Records shown
########################################

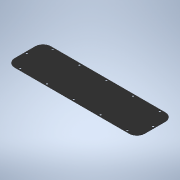
# Autodesk Inventor part: 1XX7_04_00_7(2)_P5
Saved by Autodesk Inventor 2021 (Build 250183000, 183)
## iProperties
Created: 2025-08-26
Part Number: 1XX7_04_00_7(2)_P5
Material: Generic
Catalog Web Link: www.cadenas.de
Description: AE 2.0 Flanschplatte-AE 2.0 Flanschplatte
Vendor: RITTAL
Document SubType Name: Modeling
Designer: psAdmin
Manufacturer: RITTAL
Mass: 117.298 g
Surface Area: 1587.71 cm^2
Volume: 117.298 cm^3
Density: 1 g/cm^3
Appearance: PSOLRGB-176-176-176
Category: PARTsolutions
Company: RITTAL
Title: 1XX7_04_00_7(2)_P5
Author: Cadenas PARTsolutions
Comments: AE 2.0 Flanschplatte
PSOL_IDENT_0: {$CADENAS_DATA/23d-libs/rittal/schaltschranksys/kompakt_schaltschr/parts_ae_2_0/flanschplatte_ae_2_0
PSOL_IDENT_1: .prj},203 {VTYP=3D},{NB=1XX7_04_00_7(2)_P5},{LINA=1XX7_04_00_7(2)_P5},{NN=AE 2.0 Flanschplatte},{DAT
PSOL_IDENT_2: E=28.04.2025 21:11:31},{GEOMDATE=11.04.2025 11:21:47},{VERSION=},{LINEID=180},{WBVAR=DETAIL},{WBNUME
PSOL_IDENT_3: RIC=DETAIL}  {NB=1XX7_04_00_7(2)_P5},{LINA=1XX7_04_00_7(2)_P5},{KT=DUMMY},{BEST=1XX7},{DETAIL=2},{BE
PSOL_IDENT_4: Z1=Neues Kompaktgehäuse},{BEZ2=Stahlblech},{BEZ3=eintürig},{B=440.000},{H=133.000},{T=5},{F=450},{G=
PSOL_IDENT_5: 475},{B1=518.000},{H1=0.000},{T1=210},{F1=450},{G1=475},{S=2.5},{ST=MIN},{GEW=-1.00000001504747e+30}
PSOL_IDENT_6: ,{VERS=7},{CNSECLASS51=27-18-01-02},{CNSECLASS70=27-18-01-01},{CNSECLASS80=27-18-01-01},{CNSETIM40=E
PSOL_IDENT_7: C000261}
NB: 1XX7_04_00_7(2)_P5
NN: AE 2.0 Flanschplatte
NT: AE 2.0 Flanschplatte
NBSYN: $BEST._04_00_$VERS.($DETAIL.)_P5
LINA: 1XX7_04_00_7(2)_P5
CATALOG: Rittal
BEST: 1XX7
DETAIL: niedrig
BEZ1: Neues Kompaktgehäuse
BEZ2: Stahlblech
BEZ3: eintürig
B: 440
H: 133
T: 5
F: 450
G: 475
B1: 518
H1: 0
T1: 210
F1: 450
G1: 475
S: 2.5
ST: 0
GEW: -1.00000001504747e+30
VERS: 7
CNSECLASS70: 27-18-01-01
CNSECLASS80: 27-18-01-01
SUPPLIER: RITTAL
ARTICLENO: 1XX7_04_00_7(2)_P5
BOMINFO: 1XX7_04_00_7(2)_P5
CREATOR: CADENAS GmbH
Autodesk Inventor part; units mm, degrees
sketch "Sketch_7" plane through (0, 0, 0) normal (0, 1, 0) x (1, 0, 0)
  arc A0 (-267, -42.5) -> (-235, -74.5) centre (-235, -42.5) ccw
  line L0 (-235, -74.5) -> (235, -74.5)
  arc A1 (235, -74.5) -> (267, -42.5) centre (235, -42.5) ccw
  line L1 (267, -42.5) -> (267, 42.5)
  arc A2 (267, 42.5) -> (235, 74.5) centre (235, 42.5) ccw
  line L2 (235, 74.5) -> (-235, 74.5)
  arc A3 (-235, 74.5) -> (-267, 42.5) centre (-235, 42.5) ccw
  line L3 (-267, 42.5) -> (-267, -42.5)
  circle A4 centre (259, 0) radius 3.6
  circle A5 centre (220, -66.5) radius 3.6
  circle A6 centre (220, 66.5) radius 3.6
  circle A7 centre (110, -66.5) radius 3.6
  circle A8 centre (110, 66.5) radius 3.6
  circle A9 centre (0, -66.5) radius 3.6
  circle A10 centre (0, 66.5) radius 3.6
  circle A11 centre (-110, -66.5) radius 3.6
  circle A12 centre (-110, 66.5) radius 3.6
  circle A13 centre (-220, -66.5) radius 3.6
  circle A14 centre (-220, 66.5) radius 3.6
  circle A15 centre (-259, 0) radius 3.6
  constraints: 16 centre point, 8 end point, 8 point on circle
extrude "Extrusion1" add sketch "Sketch_7" along normal blind 1.5
ref_plane "FP_XY" through (0, 0, 0) normal (0, -1, 0) x (1, 0, 0)
ref_plane "FP_YZ" through (0, 0, 0) normal (1, 0, 0) x (0, 0, 1)
ref_plane "FP_ZX" through (0, 0, 0) normal (0, 0, 1) x (0, -1, 0)
ref_plane "to_Bolt_1_XY" through (-259, 0, 0) normal (0, 1, 0) x (1, 0, 0)
ref_plane "to_Bolt_1_YZ" through (-259, 0, 0) normal (1, 0, 0) x (0, 0, -1)
ref_plane "to_Bolt_1_ZX" through (-259, 0, 0) normal (0, 0, -1) x (0, 1, 0)
ref_plane "to_Bolt_1_1_XY" through (-220, 0, -66.5) normal (0, 1, 0) x (1, 0, 0)
ref_plane "to_Bolt_1_1_YZ" through (-220, 0, -66.5) normal (1, 0, 0) x (0, 0, -1)
ref_plane "to_Bolt_1_1_ZX" through (-220, 0, -66.5) normal (0, 0, -1) x (0, 1, 0)
ref_plane "to_Bolt_1_10_XY" through (220, 0, 66.5) normal (0, 1, 0) x (1, 0, 0)
ref_plane "to_Bolt_1_10_YZ" through (220, 0, 66.5) normal (1, 0, 0) x (0, 0, -1)
ref_plane "to_Bolt_1_10_ZX" through (220, 0, 66.5) normal (0, 0, -1) x (0, 1, 0)
ref_plane "to_Bolt_1_2_XY" through (-110, 0, -66.5) normal (0, 1, 0) x (1, 0, 0)
ref_plane "to_Bolt_1_2_YZ" through (-110, 0, -66.5) normal (1, 0, 0) x (0, 0, -1)
ref_plane "to_Bolt_1_2_ZX" through (-110, 0, -66.5) normal (0, 0, -1) x (0, 1, 0)
ref_plane "to_Bolt_1_3_XY" through (0, 0, -66.5) normal (0, 1, 0) x (1, 0, 0)
ref_plane "to_Bolt_1_3_YZ" through (0, 0, -66.5) normal (1, 0, 0) x (0, 0, -1)
ref_plane "to_Bolt_1_3_ZX" through (0, 0, -66.5) normal (0, 0, -1) x (0, 1, 0)
ref_plane "to_Bolt_1_4_XY" through (110, 0, -66.5) normal (0, 1, 0) x (1, 0, 0)
ref_plane "to_Bolt_1_4_YZ" through (110, 0, -66.5) normal (1, 0, 0) x (0, 0, -1)
ref_plane "to_Bolt_1_4_ZX" through (110, 0, -66.5) normal (0, 0, -1) x (0, 1, 0)
ref_plane "to_Bolt_1_5_XY" through (220, 0, -66.5) normal (0, 1, 0) x (1, 0, 0)
ref_plane "to_Bolt_1_5_YZ" through (220, 0, -66.5) normal (1, 0, 0) x (0, 0, -1)
ref_plane "to_Bolt_1_5_ZX" through (220, 0, -66.5) normal (0, 0, -1) x (0, 1, 0)
ref_plane "to_Bolt_1_6_XY" through (-220, 0, 66.5) normal (0, 1, 0) x (1, 0, 0)
ref_plane "to_Bolt_1_6_YZ" through (-220, 0, 66.5) normal (1, 0, 0) x (0, 0, -1)
ref_plane "to_Bolt_1_6_ZX" through (-220, 0, 66.5) normal (0, 0, -1) x (0, 1, 0)
ref_plane "to_Bolt_1_7_XY" through (-110, 0, 66.5) normal (0, 1, 0) x (1, 0, 0)
ref_plane "to_Bolt_1_7_YZ" through (-110, 0, 66.5) normal (1, 0, 0) x (0, 0, -1)
ref_plane "to_Bolt_1_7_ZX" through (-110, 0, 66.5) normal (0, 0, -1) x (0, 1, 0)
ref_plane "to_Bolt_1_8_XY" through (0, 0, 66.5) normal (0, 1, 0) x (1, 0, 0)
ref_plane "to_Bolt_1_8_YZ" through (0, 0, 66.5) normal (1, 0, 0) x (0, 0, -1)
ref_plane "to_Bolt_1_8_ZX" through (0, 0, 66.5) normal (0, 0, -1) x (0, 1, 0)
ref_plane "to_Bolt_1_9_XY" through (110, 0, 66.5) normal (0, 1, 0) x (1, 0, 0)
ref_plane "to_Bolt_1_9_YZ" through (110, 0, 66.5) normal (1, 0, 0) x (0, 0, -1)
ref_plane "to_Bolt_1_9_ZX" through (110, 0, 66.5) normal (0, 0, -1) x (0, 1, 0)
ref_plane "to_Bolt_2_XY" through (259, 0, 0) normal (0, 1, 0) x (1, 0, 0)
ref_plane "to_Bolt_2_YZ" through (259, 0, 0) normal (1, 0, 0) x (0, 0, -1)
ref_plane "to_Bolt_2_ZX" through (259, 0, 0) normal (0, 0, -1) x (0, 1, 0)
body "Solid1"
Autodesk Inventor part; units mm, degrees
(part 4 of 4)
sketch "Sketch3" plane through (-107.46, -92.5006, 10.9251) normal (0, 0, 1) x (1, 0, 0)
  circle A0 centre (-216.125, 0) radius 1.35
  circle A1 centre (-216.125, 57) radius 1.35
  circle A2 centre (-216.125, -57) radius 1.35
  circle A3 centre (-216.125, 57) radius 1.35
  circle A4 centre (-216.125, 0) radius 1.35
  circle A5 centre (-216.125, -57) radius 1.35
  circle A6 centre (-175.75, 14.25) radius 1.35
  circle A7 centre (-175.75, -23.75) radius 1.35
  circle A8 centre (-133.753, -57) radius 1.35
  circle A9 centre (-114, 14.25) radius 1.35
  circle A10 centre (-73.625, 57) radius 1.35
  circle A11 centre (-66.5, -19) radius 1.35
  circle A12 centre (-47.5, -57) radius 1.35
  circle A13 centre (-45.125, 11.875) radius 1.35
  line L0 (-205.2313, 59.21) -> (-211.6644, 41.535)
  line L1 (-211.6644, 41.535) -> (-209.1644, 41.535)
  line L2 (-209.1644, 41.535) -> (-202.7313, 59.21)
  line L3 (-202.7313, 59.21) -> (-205.2313, 59.21)
  line L4 (-195.2313, 59.21) -> (-201.6644, 41.535)
  line L5 (-201.6644, 41.535) -> (-199.1644, 41.535)
  line L6 (-199.1644, 41.535) -> (-192.7313, 59.21)
  line L7 (-192.7313, 59.21) -> (-195.2313, 59.21)
  line L8 (-185.2313, 59.21) -> (-191.6644, 41.535)
  line L9 (-191.6644, 41.535) -> (-189.1644, 41.535)
  line L10 (-189.1644, 41.535) -> (-182.7313, 59.21)
  line L11 (-182.7313, 59.21) -> (-185.2313, 59.21)
  line L12 (-175.2313, 59.21) -> (-181.6644, 41.535)
  line L13 (-181.6644, 41.535) -> (-179.1644, 41.535)
  line L14 (-179.1644, 41.535) -> (-172.7313, 59.21)
  line L15 (-172.7313, 59.21) -> (-175.2313, 59.21)
  line L16 (-165.2313, 59.21) -> (-171.6644, 41.535)
  line L17 (-171.6644, 41.535) -> (-169.1644, 41.535)
  line L18 (-169.1644, 41.535) -> (-162.7313, 59.21)
  line L19 (-162.7313, 59.21) -> (-165.2313, 59.21)
  line L20 (-155.2313, 59.21) -> (-161.6644, 41.535)
  line L21 (-161.6644, 41.535) -> (-159.1644, 41.535)
  line L22 (-159.1644, 41.535) -> (-152.7313, 59.21)
  line L23 (-152.7313, 59.21) -> (-155.2313, 59.21)
  line L24 (-145.2313, 59.21) -> (-151.6644, 41.535)
  line L25 (-151.6644, 41.535) -> (-149.1644, 41.535)
  line L26 (-149.1644, 41.535) -> (-142.7313, 59.21)
  line L27 (-142.7313, 59.21) -> (-145.2313, 59.21)
  line L28 (-135.2313, 59.21) -> (-141.6644, 41.535)
  line L29 (-141.6644, 41.535) -> (-139.1644, 41.535)
  line L30 (-139.1644, 41.535) -> (-132.7313, 59.21)
  line L31 (-132.7313, 59.21) -> (-135.2313, 59.21)
  line L32 (-136.6647, 41.535) -> (-134.1647, 41.535)
  line L33 (-134.1647, 41.535) -> (-131.39, 49.1583)
  line L34 (-131.39, 49.1583) -> (-131.39, 56.027)
  line L35 (-131.39, 56.027) -> (-136.6647, 41.535)
  line L36 (-143.77, 35.75) -> (-141.27, 35.75)
  line L37 (-141.27, 35.75) -> (-139.8378, 39.685)
  line L38 (-139.8378, 39.685) -> (-142.3378, 39.685)
  line L39 (-142.3378, 39.685) -> (-143.77, 35.75)
  line L40 (-153.77, 35.75) -> (-151.27, 35.75)
  line L41 (-151.27, 35.75) -> (-149.8378, 39.685)
  line L42 (-149.8378, 39.685) -> (-152.3378, 39.685)
  line L43 (-152.3378, 39.685) -> (-153.77, 35.75)
  line L44 (-163.77, 35.75) -> (-161.27, 35.75)
  line L45 (-161.27, 35.75) -> (-159.8378, 39.685)
  line L46 (-159.8378, 39.685) -> (-162.3378, 39.685)
  line L47 (-162.3378, 39.685) -> (-163.77, 35.75)
  line L48 (-173.77, 35.75) -> (-171.27, 35.75)
  line L49 (-171.27, 35.75) -> (-169.8378, 39.685)
  line L50 (-169.8378, 39.685) -> (-172.3378, 39.685)
  line L51 (-172.3378, 39.685) -> (-173.77, 35.75)
  line L52 (-183.77, 35.75) -> (-181.27, 35.75)
  line L53 (-181.27, 35.75) -> (-179.8378, 39.685)
  line L54 (-179.8378, 39.685) -> (-182.3378, 39.685)
  line L55 (-182.3378, 39.685) -> (-183.77, 35.75)
  line L56 (-193.77, 35.75) -> (-191.27, 35.75)
  line L57 (-191.27, 35.75) -> (-189.8378, 39.685)
  line L58 (-189.8378, 39.685) -> (-192.3378, 39.685)
  line L59 (-192.3378, 39.685) -> (-193.77, 35.75)
  line L60 (-203.77, 35.75) -> (-201.27, 35.75)
  line L61 (-201.27, 35.75) -> (-199.8378, 39.685)
  line L62 (-199.8378, 39.685) -> (-202.3378, 39.685)
  line L63 (-202.3378, 39.685) -> (-203.77, 35.75)
  line L64 (-213.77, 35.75) -> (-211.27, 35.75)
  line L65 (-211.27, 35.75) -> (-209.8378, 39.685)
  line L66 (-209.8378, 39.685) -> (-212.3378, 39.685)
  line L67 (-212.3378, 39.685) -> (-213.77, 35.75)
  line L68 (-208.77, 35.75) -> (-206.27, 35.75)
  line L69 (-206.27, 35.75) -> (-204.8378, 39.685)
  line L70 (-204.8378, 39.685) -> (-207.3378, 39.685)
  line L71 (-207.3378, 39.685) -> (-208.77, 35.75)
  line L72 (-198.77, 35.75) -> (-196.27, 35.75)
  line L73 (-196.27, 35.75) -> (-194.8378, 39.685)
  line L74 (-194.8378, 39.685) -> (-197.3378, 39.685)
  line L75 (-197.3378, 39.685) -> (-198.77, 35.75)
  line L76 (-188.77, 35.75) -> (-186.27, 35.75)
  line L77 (-186.27, 35.75) -> (-184.8378, 39.685)
  line L78 (-184.8378, 39.685) -> (-187.3378, 39.685)
  line L79 (-187.3378, 39.685) -> (-188.77, 35.75)
  line L80 (-178.77, 35.75) -> (-176.27, 35.75)
  line L81 (-176.27, 35.75) -> (-174.8378, 39.685)
  line L82 (-174.8378, 39.685) -> (-177.3378, 39.685)
  line L83 (-177.3378, 39.685) -> (-178.77, 35.75)
  line L84 (-168.77, 35.75) -> (-166.27, 35.75)
  line L85 (-166.27, 35.75) -> (-164.8378, 39.685)
  line L86 (-164.8378, 39.685) -> (-167.3378, 39.685)
  line L87 (-167.3378, 39.685) -> (-168.77, 35.75)
  line L88 (-158.77, 35.75) -> (-156.27, 35.75)
  line L89 (-156.27, 35.75) -> (-154.8378, 39.685)
  line L90 (-154.8378, 39.685) -> (-157.3378, 39.685)
  line L91 (-157.3378, 39.685) -> (-158.77, 35.75)
  line L92 (-148.77, 35.75) -> (-146.27, 35.75)
  line L93 (-146.27, 35.75) -> (-144.8378, 39.685)
  line L94 (-144.8378, 39.685) -> (-147.3378, 39.685)
  line L95 (-147.3378, 39.685) -> (-148.77, 35.75)
  line L96 (-138.7702, 35.75) -> (-136.2702, 35.75)
  line L97 (-136.2702, 35.75) -> (-134.838, 39.685)
  line L98 (-134.838, 39.685) -> (-137.338, 39.685)
  line L99 (-137.338, 39.685) -> (-138.7702, 35.75)
  line L100 (-210.231, 59.21) -> (-213.77, 49.4867)
  line L101 (-213.77, 49.4867) -> (-213.77, 42.618)
  line L102 (-213.77, 42.618) -> (-207.731, 59.21)
  line L103 (-207.731, 59.21) -> (-210.231, 59.21)
  line L104 (-140.2313, 59.21) -> (-146.6644, 41.535)
  line L105 (-146.6644, 41.535) -> (-144.1644, 41.535)
  line L106 (-144.1644, 41.535) -> (-137.7313, 59.21)
  line L107 (-137.7313, 59.21) -> (-140.2313, 59.21)
  line L108 (-150.2313, 59.21) -> (-156.6644, 41.535)
  line L109 (-156.6644, 41.535) -> (-154.1644, 41.535)
  line L110 (-154.1644, 41.535) -> (-147.7313, 59.21)
  line L111 (-147.7313, 59.21) -> (-150.2313, 59.21)
  line L112 (-160.2313, 59.21) -> (-166.6644, 41.535)
  line L113 (-166.6644, 41.535) -> (-164.1644, 41.535)
  line L114 (-164.1644, 41.535) -> (-157.7313, 59.21)
  line L115 (-157.7313, 59.21) -> (-160.2313, 59.21)
  line L116 (-170.2313, 59.21) -> (-176.6644, 41.535)
  line L117 (-176.6644, 41.535) -> (-174.1644, 41.535)
  line L118 (-174.1644, 41.535) -> (-167.7313, 59.21)
  line L119 (-167.7313, 59.21) -> (-170.2313, 59.21)
  line L120 (-180.2313, 59.21) -> (-186.6644, 41.535)
  line L121 (-186.6644, 41.535) -> (-184.1644, 41.535)
  line L122 (-184.1644, 41.535) -> (-177.7313, 59.21)
  line L123 (-177.7313, 59.21) -> (-180.2313, 59.21)
  line L124 (-190.2313, 59.21) -> (-196.6644, 41.535)
  line L125 (-196.6644, 41.535) -> (-194.1644, 41.535)
  line L126 (-194.1644, 41.535) -> (-187.7313, 59.21)
  line L127 (-187.7313, 59.21) -> (-190.2313, 59.21)
  line L128 (-200.2313, 59.21) -> (-206.6644, 41.535)
  line L129 (-206.6644, 41.535) -> (-204.1644, 41.535)
  line L130 (-204.1644, 41.535) -> (-197.7313, 59.21)
  line L131 (-197.7313, 59.21) -> (-200.2313, 59.21)
  line L132 (-133.77, 35.75) -> (-78.7722, 35.75)
  line L133 (-78.7722, 35.75) -> (-77.34, 39.685)
  line L134 (-77.34, 39.685) -> (-132.3378, 39.685)
  line L135 (-132.3378, 39.685) -> (-133.77, 35.75)
  line L136 (-216.125, 61.75) -> (216.125, 61.75)
  arc A14 (220.875, 57) -> (216.125, 61.75) centre (216.125, 57) ccw
  line L137 (220.875, 57) -> (220.875, -57)
  arc A15 (216.125, -61.75) -> (220.875, -57) centre (216.125, -57) ccw
  line L138 (216.125, -61.75) -> (-216.125, -61.75)
  arc A16 (-220.875, -57) -> (-216.125, -61.75) centre (-216.125, -57) ccw
  line L139 (-220.875, -57) -> (-220.875, 57)
  arc A17 (-216.125, 61.75) -> (-220.875, 57) centre (-216.125, 57) ccw
  line L140 (-129.54, 41.535) -> (-77.34, 41.535)
  line L141 (-77.34, 41.535) -> (-77.34, 59.315)
  line L142 (-77.34, 59.315) -> (-129.54, 59.315)
  line L143 (-129.54, 59.315) -> (-129.54, 41.535)
  line L144 (-54.75, 45.25) -> (-54.75, 59.25)
  line L145 (-54.75, 59.25) -> (-68.75, 59.25)
  line L146 (-68.75, 59.25) -> (-68.75, 45.25)
  line L147 (-68.75, 45.25) -> (-54.75, 45.25)
  line L148 (-16.75, 45.25) -> (-16.75, 59.25)
  line L149 (-16.75, 59.25) -> (-30.75, 59.25)
  line L150 (-30.75, 59.25) -> (-30.75, 45.25)
  line L151 (-30.75, 45.25) -> (-16.75, 45.25)
  line L152 (2.25, 45.25) -> (2.25, 59.25)
  line L153 (2.25, 59.25) -> (-11.75, 59.25)
  line L154 (-11.75, 59.25) -> (-11.75, 45.25)
  line L155 (-11.75, 45.25) -> (2.25, 45.25)
  line L156 (21.25, 45.25) -> (21.25, 59.25)
  line L157 (21.25, 59.25) -> (7.25, 59.25)
  line L158 (7.25, 59.25) -> (7.25, 45.25)
  line L159 (7.25, 45.25) -> (21.25, 45.25)
  line L160 (40.25, 45.25) -> (40.25, 59.25)
  line L161 (40.25, 59.25) -> (26.25, 59.25)
  line L162 (26.25, 59.25) -> (26.25, 45.25)
  line L163 (26.25, 45.25) -> (40.25, 45.25)
  line L164 (68.75, 45.25) -> (68.75, 59.25)
  line L165 (68.75, 59.25) -> (54.75, 59.25)
  line L166 (54.75, 59.25) -> (54.75, 45.25)
  line L167 (54.75, 45.25) -> (68.75, 45.25)
  line L168 (87.75, 45.25) -> (87.75, 59.25)
  line L169 (87.75, 59.25) -> (73.75, 59.25)
  line L170 (73.75, 59.25) -> (73.75, 45.25)
  line L171 (73.75, 45.25) -> (87.75, 45.25)
  line L172 (106.75, 45.25) -> (106.75, 59.25)
  line L173 (106.75, 59.25) -> (92.75, 59.25)
  line L174 (92.75, 59.25) -> (92.75, 45.25)
  line L175 (92.75, 45.25) -> (106.75, 45.25)
  line L176 (125.75, 45.25) -> (125.75, 59.25)
  line L177 (125.75, 59.25) -> (111.75, 59.25)
  line L178 (111.75, 59.25) -> (111.75, 45.25)
  line L179 (111.75, 45.25) -> (125.75, 45.25)
  line L180 (154.25, 45.25) -> (154.25, 59.25)
  line L181 (154.25, 59.25) -> (140.25, 59.25)
  line L182 (140.25, 59.25) -> (140.25, 45.25)
  line L183 (140.25, 45.25) -> (154.25, 45.25)
  line L184 (173.25, 45.25) -> (173.25, 59.25)
  line L185 (173.25, 59.25) -> (159.25, 59.25)
  line L186 (159.25, 59.25) -> (159.25, 45.25)
  line L187 (159.25, 45.25) -> (173.25, 45.25)
  line L188 (192.25, 45.25) -> (192.25, 59.25)
  line L189 (192.25, 59.25) -> (178.25, 59.25)
  line L190 (178.25, 59.25) -> (178.25, 45.25)
  line L191 (178.25, 45.25) -> (192.25, 45.25)
  line L192 (211.25, 45.25) -> (211.25, 59.25)
  line L193 (211.25, 59.25) -> (197.25, 59.25)
  line L194 (197.25, 59.25) -> (197.25, 45.25)
  line L195 (197.25, 45.25) -> (211.25, 45.25)
  line L196 (-197.25, 16.75) -> (-197.25, 30.75)
  line L197 (-197.25, 30.75) -> (-211.25, 30.75)
  line L198 (-211.25, 30.75) -> (-211.25, 16.75)
  line L199 (-211.25, 16.75) -> (-197.25, 16.75)
  line L200 (-178.25, 30.75) -> (-192.25, 30.75)
  line L201 (-192.25, 30.75) -> (-192.25, 16.75)
  line L202 (-192.25, 16.75) -> (-178.25, 16.75)
  line L203 (-178.25, 16.75) -> (-178.25, 30.75)
  line L204 (-159.25, 30.75) -> (-173.25, 30.75)
  line L205 (-173.25, 30.75) -> (-173.25, 16.75)
  line L206 (-173.25, 16.75) -> (-159.25, 16.75)
  line L207 (-159.25, 16.75) -> (-159.25, 30.75)
  line L208 (-197.25, 11.75) -> (-211.25, 11.75)
  line L209 (-211.25, 11.75) -> (-211.25, -2.25)
  line L210 (-211.25, -2.25) -> (-197.25, -2.25)
  line L211 (-197.25, -2.25) -> (-197.25, 11.75)
  line L212 (-178.25, 11.75) -> (-192.25, 11.75)
  line L213 (-192.25, 11.75) -> (-192.25, -2.25)
  line L214 (-192.25, -2.25) -> (-178.25, -2.25)
  line L215 (-178.25, -2.25) -> (-178.25, 11.75)
  line L216 (-159.25, 11.75) -> (-173.25, 11.75)
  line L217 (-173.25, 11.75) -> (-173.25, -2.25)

########################################

Task to complete
For the listing above, print only the lines starting at the line containing "line L175 (92.75, 45.25) -> (106.75, 45.25)" and ending at the line containing "line L195 (197.25, 45.25)", exactly, both included.

Written answer
  line L175 (92.75, 45.25) -> (106.75, 45.25)
  line L176 (125.75, 45.25) -> (125.75, 59.25)
  line L177 (125.75, 59.25) -> (111.75, 59.25)
  line L178 (111.75, 59.25) -> (111.75, 45.25)
  line L179 (111.75, 45.25) -> (125.75, 45.25)
  line L180 (154.25, 45.25) -> (154.25, 59.25)
  line L181 (154.25, 59.25) -> (140.25, 59.25)
  line L182 (140.25, 59.25) -> (140.25, 45.25)
  line L183 (140.25, 45.25) -> (154.25, 45.25)
  line L184 (173.25, 45.25) -> (173.25, 59.25)
  line L185 (173.25, 59.25) -> (159.25, 59.25)
  line L186 (159.25, 59.25) -> (159.25, 45.25)
  line L187 (159.25, 45.25) -> (173.25, 45.25)
  line L188 (192.25, 45.25) -> (192.25, 59.25)
  line L189 (192.25, 59.25) -> (178.25, 59.25)
  line L190 (178.25, 59.25) -> (178.25, 45.25)
  line L191 (178.25, 45.25) -> (192.25, 45.25)
  line L192 (211.25, 45.25) -> (211.25, 59.25)
  line L193 (211.25, 59.25) -> (197.25, 59.25)
  line L194 (197.25, 59.25) -> (197.25, 45.25)
  line L195 (197.25, 45.25) -> (211.25, 45.25)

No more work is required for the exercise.